# Ultimate beach bike?



## jakuka (Oct 12, 2009)

That's getting creative. Watch until the end to see what makes it so special. 










(Mods, if this is the wrong forum please move accordingly...thanks.)


----------



## js1172 (Jun 5, 2012)

yep, if its not fit weather to fish it doubles as a jigsaw puzzle.
js


----------



## Alexy (Nov 1, 2010)

That is really neat. I would love to have something like that.


----------



## wannabeangler (Feb 7, 2009)

Alexy said:


> That is really neat.
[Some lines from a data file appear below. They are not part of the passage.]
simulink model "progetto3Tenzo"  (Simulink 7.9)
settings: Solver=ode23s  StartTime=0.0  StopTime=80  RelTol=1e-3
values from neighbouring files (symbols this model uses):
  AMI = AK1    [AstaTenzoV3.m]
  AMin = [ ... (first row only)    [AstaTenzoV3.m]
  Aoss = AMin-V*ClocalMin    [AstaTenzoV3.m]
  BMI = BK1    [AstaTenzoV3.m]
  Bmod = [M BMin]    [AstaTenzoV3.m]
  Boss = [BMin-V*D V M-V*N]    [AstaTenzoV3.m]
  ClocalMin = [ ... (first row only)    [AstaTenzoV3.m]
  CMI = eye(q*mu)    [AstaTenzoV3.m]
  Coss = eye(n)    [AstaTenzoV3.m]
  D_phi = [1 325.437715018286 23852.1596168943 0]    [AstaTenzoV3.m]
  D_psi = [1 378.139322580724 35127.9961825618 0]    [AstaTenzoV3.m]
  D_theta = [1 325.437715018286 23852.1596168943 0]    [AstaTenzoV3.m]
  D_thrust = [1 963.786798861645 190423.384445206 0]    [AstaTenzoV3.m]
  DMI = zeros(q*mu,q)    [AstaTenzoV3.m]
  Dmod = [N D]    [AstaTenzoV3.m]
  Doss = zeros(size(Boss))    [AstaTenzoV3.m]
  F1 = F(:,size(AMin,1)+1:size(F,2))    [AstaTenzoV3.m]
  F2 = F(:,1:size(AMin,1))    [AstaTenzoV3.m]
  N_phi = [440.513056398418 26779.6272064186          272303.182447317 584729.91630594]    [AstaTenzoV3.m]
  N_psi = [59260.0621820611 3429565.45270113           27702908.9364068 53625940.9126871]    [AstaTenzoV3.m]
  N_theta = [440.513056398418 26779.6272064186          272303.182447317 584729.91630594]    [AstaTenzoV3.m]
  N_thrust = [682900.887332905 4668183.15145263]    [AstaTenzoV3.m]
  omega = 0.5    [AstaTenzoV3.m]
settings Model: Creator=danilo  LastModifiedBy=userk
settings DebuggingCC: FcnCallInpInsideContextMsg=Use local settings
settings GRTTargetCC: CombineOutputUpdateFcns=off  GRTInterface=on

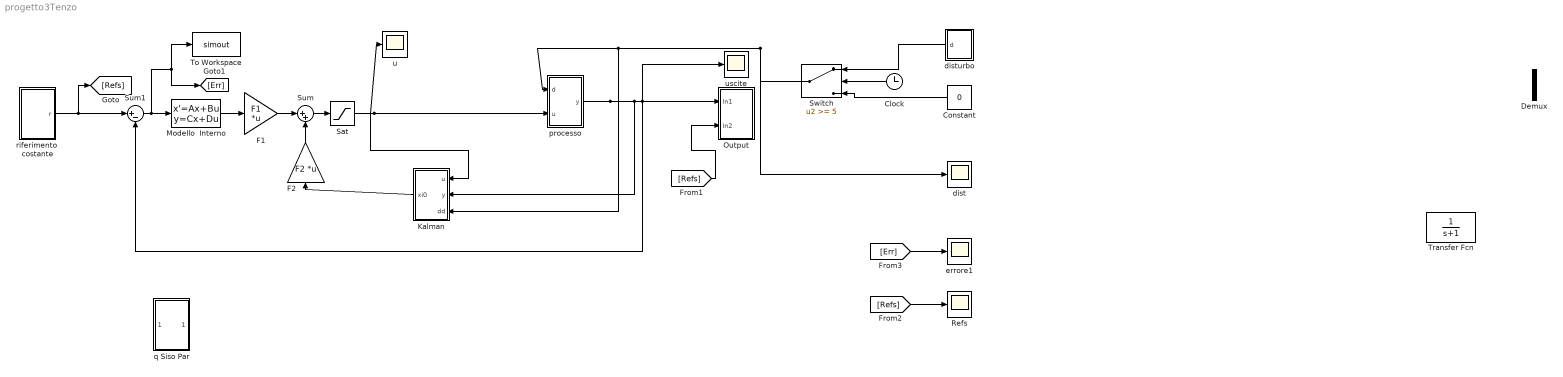
== system progetto3Tenzo ==
  Clock : Clock
  Constant : Constant  Value=0
  Demux : Demux  Outputs=2
  F1 : Gain  Gain=F1  Multiplication=Matrix(K*u) (u vector)
  F2 : Gain  Gain=F2  Multiplication=Matrix(K*u) (u vector)
  Kalman : Subsystem
  Modello  Interno : StateSpace  A=AMI  B=BMI  C=CMI  D=DMI
  Output : Subsystem
  Refs : Scope
  Sat : Saturate  UpperLimit=60  LowerLimit=-60
  Sum : Sum  Inputs=|++
  Sum1 : Sum  Inputs=|+-
  Switch : Switch  Threshold=5
  To Workspace : ToWorkspace  VariableName=simout  SampleTime=-1  SaveFormat=Structure
  Transfer Fcn : TransferFcn  Denominator=[1 1]
  dist : Scope
      settings: SaveName=ScopeData5
  disturbo : Subsystem
  errore1 : Scope
      settings: SaveName=ScopeData8
  processo : Subsystem
  "q Siso Par " : Subsystem
  riferimento  costante : Subsystem
  u : Scope
      settings: SaveName=ScopeData3
  uscite : Scope
      settings: SaveName=ScopeData2
  wires:
  riferimento  costante/1(r) -> Sum1/1, [Refs]
  processo/1(y) -> Kalman/2(y), Sum1/2, Output/1(In1), uscite/1
  Kalman/1(xi0) -> F2/1
  Modello  Interno/1 -> F1/1
  F2/1 -> Sum/2
  F1/1 -> Sum/1
  Sum/1 -> Sat/1
  Sum1/1 -> Modello  Interno/1, To Workspace/1, [Err]
  [Refs] -> Output/2(In2)
  [Refs] -> Refs/1
  [Err] -> errore1/1
  Clock/1 -> Switch/2
  Switch/1 -> dist/1, processo/1(d), Kalman/3(dd)
  disturbo/1(d) -> Switch/1
  Constant/1 -> Switch/3
  Sat/1 -> u/1, Kalman/1(u), processo/2(u)

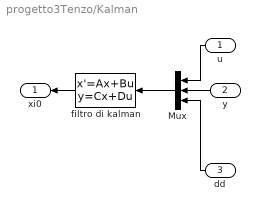
== system progetto3Tenzo/Kalman ==
  u : Inport
  y : Inport  Port=2
  dd : Inport  Port=3
  Mux : Mux  Inputs=[4 4 1]
  filtro di kalman : StateSpace  A=Aoss  B=Boss  C=Coss  D=Doss
  xi0 : Outport
  wires:
  Mux/1 -> filtro di kalman/1
  u/1 -> Mux/1
  filtro di kalman/1 -> xi0/1
  y/1 -> Mux/2
  dd/1 -> Mux/3

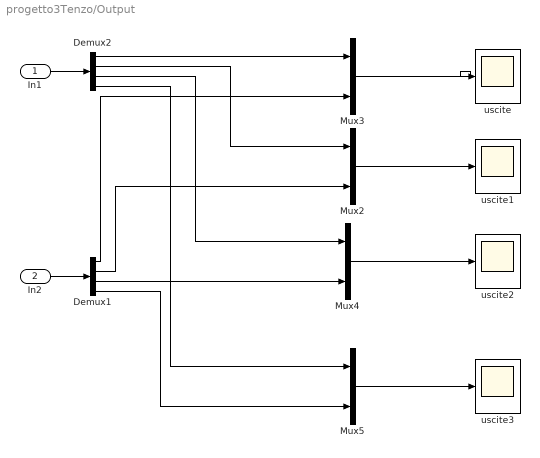
== system progetto3Tenzo/Output ==
  In1 : Inport
  In2 : Inport  Port=2
  Demux1 : Demux
  Demux2 : Demux
  Mux{2..5} (4 alike) : Mux  Inputs=2
  uscite{,1..3} (4 alike) : Scope
      uscite settings: TickLabels=on  YMin=-3.5  YMax=7
      uscite1 settings: TickLabels=on  TimeRange=30  YMin=0.75  YMax=4.25  SaveName=ScopeData4
      uscite2 settings: TickLabels=on  YMin=0.75  YMax=4.25  SaveName=ScopeData6
      uscite3 settings: TickLabels=on  YMin=0.75  YMax=4.25  SaveName=ScopeData7
  wires:
  Demux1/1 -> Mux3/2
  In2/1 -> Demux1/1
  In1/1 -> Demux2/1
  Mux3/1 -> uscite/1
  Demux2/1 -> Mux3/1
  Mux2/1 -> uscite1/1
  Demux2/2 -> Mux2/1
  Mux4/1 -> uscite2/1
  Demux2/3 -> Mux4/1
  Mux5/1 -> uscite3/1
  Demux2/4 -> Mux5/1
  Demux1/2 -> Mux2/2
  Demux1/3 -> Mux4/2
  Demux1/4 -> Mux5/2

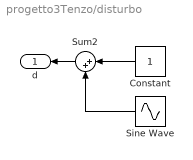
== system progetto3Tenzo/disturbo ==
  Constant : Constant
  Sine Wave : Sin  Amplitude=3  Frequency=omega  SampleTime=0
  Sum2 : Sum  Inputs=|++
  d : Outport
  wires:
  Sine Wave/1 -> Sum2/2
  Constant/1 -> Sum2/1
  Sum2/1 -> d/1

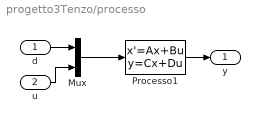
== system progetto3Tenzo/processo ==
  d : Inport
  u : Inport  Port=2
  Mux : Mux  Inputs=[1 4]
  Processo1 : StateSpace  A=AMin  B=Bmod  C=ClocalMin  D=Dmod
  y : Outport
  wires:
  Mux/1 -> Processo1/1
  d/1 -> Mux/1
  Processo1/1 -> y/1
  u/1 -> Mux/2

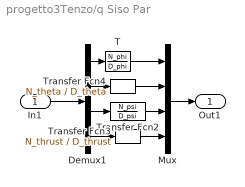
== system progetto3Tenzo/q Siso Par  ==
  In1 : Inport
  Demux1 : Demux
  Mux : Mux
  T : TransferFcn  Numerator=N_phi  Denominator=D_phi
  Transfer Fcn2 : TransferFcn  Numerator=N_psi  Denominator=D_psi
  Transfer Fcn3 : TransferFcn  Numerator=N_thrust  Denominator=D_thrust
  Transfer Fcn4 : TransferFcn  Numerator=N_theta  Denominator=D_theta
  Out1 : Outport
  wires:
  Mux/1 -> Out1/1
  In1/1 -> Demux1/1
  Transfer Fcn2/1 -> Mux/3
  Transfer Fcn4/1 -> Mux/2
  Demux1/2 -> Transfer Fcn4/1
  Transfer Fcn3/1 -> Mux/4
  T/1 -> Mux/1
  Demux1/4 -> Transfer Fcn3/1
  Demux1/3 -> Transfer Fcn2/1
  Demux1/1 -> T/1

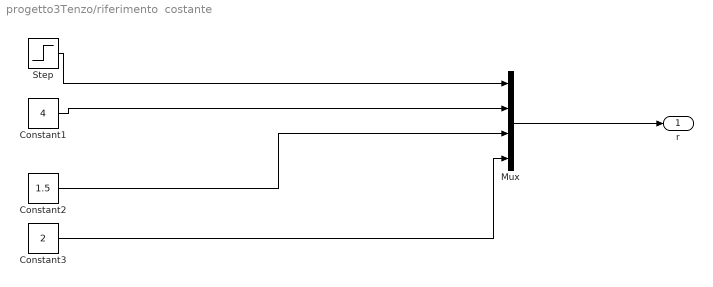
== system progetto3Tenzo/riferimento  costante ==
  Constant1 : Constant  Value=4
  Constant2 : Constant  Value=1.5
  Constant3 : Constant  Value=2
  Mux : Mux  Inputs=[1 1 1 1]
  Step : Step  Time=3  After=2.5  SampleTime=0
  r : Outport
  wires:
  Mux/1 -> r/1
  Step/1 -> Mux/1
  Constant1/1 -> Mux/2
  Constant2/1 -> Mux/3
  Constant3/1 -> Mux/4

I would love to have something like that.


i agree!


----------



## JAM (Jul 22, 2002)

Not in Hatteras it would not.. 2wheel vehicles are prohibited.. JAM


----------



## dirtyhandslopez (Nov 17, 2006)

JAM said:


> Not in Hatteras it would not.. 2wheel vehicles are prohibited.. JAM


But isn't that only 2 wheelers with a motor of sorts Jam?

Very first night of the night time closures at the point, way back when, a fishing buddy and I had push bikes out there. The uniforms looked at us a bit funny but no ticket.
Hell of a storm that night, Fred(on the early shift) said we were nuts for being out there. RIP Fred.


----------